Exercise aim | Starting at the top of the entries below, write out each line up to and including the one containing "#12=(NAMED_UNIT(*) SI_UNIT($,.STERADIAN.) SOLID_ANGLE_UNIT());". Leave the pictures out.

─── Information supplied

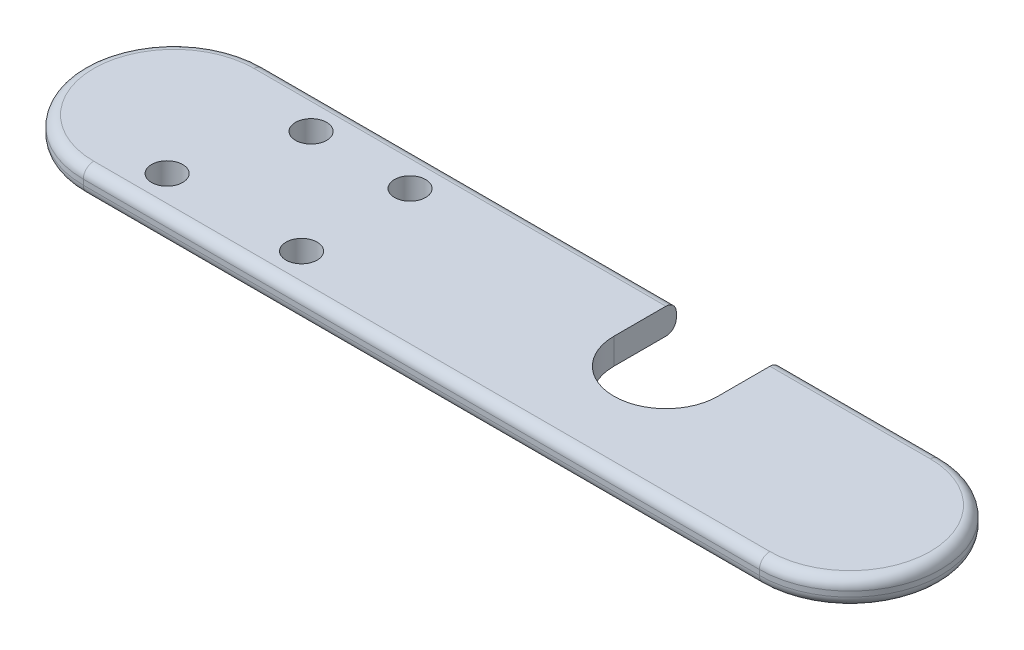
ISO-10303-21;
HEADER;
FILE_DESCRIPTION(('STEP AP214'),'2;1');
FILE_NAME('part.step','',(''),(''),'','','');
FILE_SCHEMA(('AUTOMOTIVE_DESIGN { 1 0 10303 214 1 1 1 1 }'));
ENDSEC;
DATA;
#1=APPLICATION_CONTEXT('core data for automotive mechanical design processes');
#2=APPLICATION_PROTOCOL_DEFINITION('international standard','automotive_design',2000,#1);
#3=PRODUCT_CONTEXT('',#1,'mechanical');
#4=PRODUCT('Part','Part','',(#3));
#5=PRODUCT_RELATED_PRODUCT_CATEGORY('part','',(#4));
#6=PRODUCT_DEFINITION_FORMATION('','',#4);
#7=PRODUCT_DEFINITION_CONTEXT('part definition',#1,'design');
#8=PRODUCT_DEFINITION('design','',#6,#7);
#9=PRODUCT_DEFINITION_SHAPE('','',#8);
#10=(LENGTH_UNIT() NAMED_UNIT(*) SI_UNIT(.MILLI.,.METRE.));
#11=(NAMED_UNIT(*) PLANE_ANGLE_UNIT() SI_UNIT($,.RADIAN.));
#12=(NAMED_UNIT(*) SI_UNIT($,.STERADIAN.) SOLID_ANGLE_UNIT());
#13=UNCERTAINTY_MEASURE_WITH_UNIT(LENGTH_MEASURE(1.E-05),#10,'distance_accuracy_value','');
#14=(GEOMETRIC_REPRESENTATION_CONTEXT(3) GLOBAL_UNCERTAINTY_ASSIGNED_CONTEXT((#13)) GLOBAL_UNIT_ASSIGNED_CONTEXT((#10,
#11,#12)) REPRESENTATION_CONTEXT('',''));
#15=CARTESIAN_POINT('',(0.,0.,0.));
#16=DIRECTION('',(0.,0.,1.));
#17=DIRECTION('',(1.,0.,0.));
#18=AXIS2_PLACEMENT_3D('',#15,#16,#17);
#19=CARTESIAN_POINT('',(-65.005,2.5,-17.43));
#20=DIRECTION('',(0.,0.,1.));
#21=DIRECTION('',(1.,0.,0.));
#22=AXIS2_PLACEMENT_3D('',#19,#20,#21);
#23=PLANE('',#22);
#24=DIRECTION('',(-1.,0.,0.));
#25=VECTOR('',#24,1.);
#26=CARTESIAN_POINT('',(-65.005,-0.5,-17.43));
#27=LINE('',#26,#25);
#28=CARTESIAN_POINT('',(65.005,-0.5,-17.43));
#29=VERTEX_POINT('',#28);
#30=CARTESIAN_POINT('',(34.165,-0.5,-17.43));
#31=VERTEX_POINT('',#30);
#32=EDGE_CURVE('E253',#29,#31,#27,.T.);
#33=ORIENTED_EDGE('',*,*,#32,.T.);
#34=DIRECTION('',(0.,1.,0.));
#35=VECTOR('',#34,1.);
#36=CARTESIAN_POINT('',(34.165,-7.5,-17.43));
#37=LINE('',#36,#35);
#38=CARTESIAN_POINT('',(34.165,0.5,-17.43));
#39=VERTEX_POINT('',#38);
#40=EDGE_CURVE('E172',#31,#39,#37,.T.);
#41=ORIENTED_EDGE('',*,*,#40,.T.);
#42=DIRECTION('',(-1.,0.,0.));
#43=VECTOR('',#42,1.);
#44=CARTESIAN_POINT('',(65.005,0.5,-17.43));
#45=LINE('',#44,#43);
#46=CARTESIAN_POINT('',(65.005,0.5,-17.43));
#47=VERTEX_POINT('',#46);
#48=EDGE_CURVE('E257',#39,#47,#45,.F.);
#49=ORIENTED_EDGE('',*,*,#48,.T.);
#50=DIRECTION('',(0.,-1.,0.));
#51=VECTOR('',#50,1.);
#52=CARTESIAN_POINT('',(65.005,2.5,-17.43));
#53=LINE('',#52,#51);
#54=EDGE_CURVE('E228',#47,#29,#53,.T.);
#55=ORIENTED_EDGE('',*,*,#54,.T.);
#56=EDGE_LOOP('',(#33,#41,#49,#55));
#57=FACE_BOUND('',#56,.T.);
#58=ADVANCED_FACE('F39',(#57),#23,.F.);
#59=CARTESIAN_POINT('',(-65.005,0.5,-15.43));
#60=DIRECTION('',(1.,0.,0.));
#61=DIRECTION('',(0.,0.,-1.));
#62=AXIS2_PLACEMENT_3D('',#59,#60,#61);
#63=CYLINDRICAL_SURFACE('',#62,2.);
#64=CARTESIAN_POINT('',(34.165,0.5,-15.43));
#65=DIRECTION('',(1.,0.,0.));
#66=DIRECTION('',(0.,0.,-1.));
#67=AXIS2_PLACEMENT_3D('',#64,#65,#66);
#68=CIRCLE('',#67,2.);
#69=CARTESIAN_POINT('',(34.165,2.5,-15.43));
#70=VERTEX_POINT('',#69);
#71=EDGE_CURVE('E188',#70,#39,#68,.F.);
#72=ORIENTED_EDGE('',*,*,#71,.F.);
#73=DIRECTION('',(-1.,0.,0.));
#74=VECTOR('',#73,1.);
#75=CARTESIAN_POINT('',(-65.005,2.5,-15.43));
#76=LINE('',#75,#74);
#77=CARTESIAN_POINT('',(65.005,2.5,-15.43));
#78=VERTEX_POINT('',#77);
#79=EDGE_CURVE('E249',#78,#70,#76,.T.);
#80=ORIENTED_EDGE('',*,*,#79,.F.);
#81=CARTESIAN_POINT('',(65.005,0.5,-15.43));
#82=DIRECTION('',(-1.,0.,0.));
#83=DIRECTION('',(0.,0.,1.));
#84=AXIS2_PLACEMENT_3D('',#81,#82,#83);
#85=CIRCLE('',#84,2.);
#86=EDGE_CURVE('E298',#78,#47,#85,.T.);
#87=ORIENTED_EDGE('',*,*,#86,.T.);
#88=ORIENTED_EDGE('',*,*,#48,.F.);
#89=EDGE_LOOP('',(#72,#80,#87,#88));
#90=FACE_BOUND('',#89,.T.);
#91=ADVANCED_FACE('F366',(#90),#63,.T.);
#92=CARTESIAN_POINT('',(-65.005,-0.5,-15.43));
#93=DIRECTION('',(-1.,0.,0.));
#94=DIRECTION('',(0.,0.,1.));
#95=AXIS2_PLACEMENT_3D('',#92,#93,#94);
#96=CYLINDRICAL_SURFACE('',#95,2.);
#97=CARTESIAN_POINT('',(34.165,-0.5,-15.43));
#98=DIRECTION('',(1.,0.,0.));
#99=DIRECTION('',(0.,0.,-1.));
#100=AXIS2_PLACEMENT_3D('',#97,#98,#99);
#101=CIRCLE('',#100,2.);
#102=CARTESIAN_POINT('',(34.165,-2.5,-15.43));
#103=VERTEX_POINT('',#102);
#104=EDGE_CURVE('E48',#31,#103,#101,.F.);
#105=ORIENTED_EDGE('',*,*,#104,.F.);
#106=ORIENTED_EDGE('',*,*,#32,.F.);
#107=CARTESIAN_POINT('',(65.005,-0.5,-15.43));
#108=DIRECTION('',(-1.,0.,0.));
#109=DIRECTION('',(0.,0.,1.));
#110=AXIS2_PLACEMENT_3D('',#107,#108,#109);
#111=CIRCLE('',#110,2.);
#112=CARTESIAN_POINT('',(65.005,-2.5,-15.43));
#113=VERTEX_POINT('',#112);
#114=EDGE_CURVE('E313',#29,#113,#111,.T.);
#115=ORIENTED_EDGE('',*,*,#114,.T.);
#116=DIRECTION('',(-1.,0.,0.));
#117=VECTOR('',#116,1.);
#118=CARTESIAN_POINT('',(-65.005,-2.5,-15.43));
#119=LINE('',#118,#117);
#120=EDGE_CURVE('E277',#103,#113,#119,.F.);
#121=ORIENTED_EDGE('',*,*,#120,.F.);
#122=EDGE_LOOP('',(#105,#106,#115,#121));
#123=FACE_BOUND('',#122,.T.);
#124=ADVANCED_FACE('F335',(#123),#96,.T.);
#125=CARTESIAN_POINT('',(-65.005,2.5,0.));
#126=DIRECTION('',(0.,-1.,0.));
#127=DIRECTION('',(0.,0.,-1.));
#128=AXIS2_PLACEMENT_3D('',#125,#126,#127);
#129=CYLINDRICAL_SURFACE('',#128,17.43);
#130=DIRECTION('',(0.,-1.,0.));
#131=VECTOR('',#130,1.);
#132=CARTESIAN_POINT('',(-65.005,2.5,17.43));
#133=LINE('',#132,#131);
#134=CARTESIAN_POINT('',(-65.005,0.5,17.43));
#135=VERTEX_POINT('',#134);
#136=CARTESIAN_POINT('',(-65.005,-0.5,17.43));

──────

Answer to this task |
ISO-10303-21;
HEADER;
FILE_DESCRIPTION(('STEP AP214'),'2;1');
FILE_NAME('part.step','',(''),(''),'','','');
FILE_SCHEMA(('AUTOMOTIVE_DESIGN { 1 0 10303 214 1 1 1 1 }'));
ENDSEC;
DATA;
#1=APPLICATION_CONTEXT('core data for automotive mechanical design processes');
#2=APPLICATION_PROTOCOL_DEFINITION('international standard','automotive_design',2000,#1);
#3=PRODUCT_CONTEXT('',#1,'mechanical');
#4=PRODUCT('Part','Part','',(#3));
#5=PRODUCT_RELATED_PRODUCT_CATEGORY('part','',(#4));
#6=PRODUCT_DEFINITION_FORMATION('','',#4);
#7=PRODUCT_DEFINITION_CONTEXT('part definition',#1,'design');
#8=PRODUCT_DEFINITION('design','',#6,#7);
#9=PRODUCT_DEFINITION_SHAPE('','',#8);
#10=(LENGTH_UNIT() NAMED_UNIT(*) SI_UNIT(.MILLI.,.METRE.));
#11=(NAMED_UNIT(*) PLANE_ANGLE_UNIT() SI_UNIT($,.RADIAN.));
#12=(NAMED_UNIT(*) SI_UNIT($,.STERADIAN.) SOLID_ANGLE_UNIT());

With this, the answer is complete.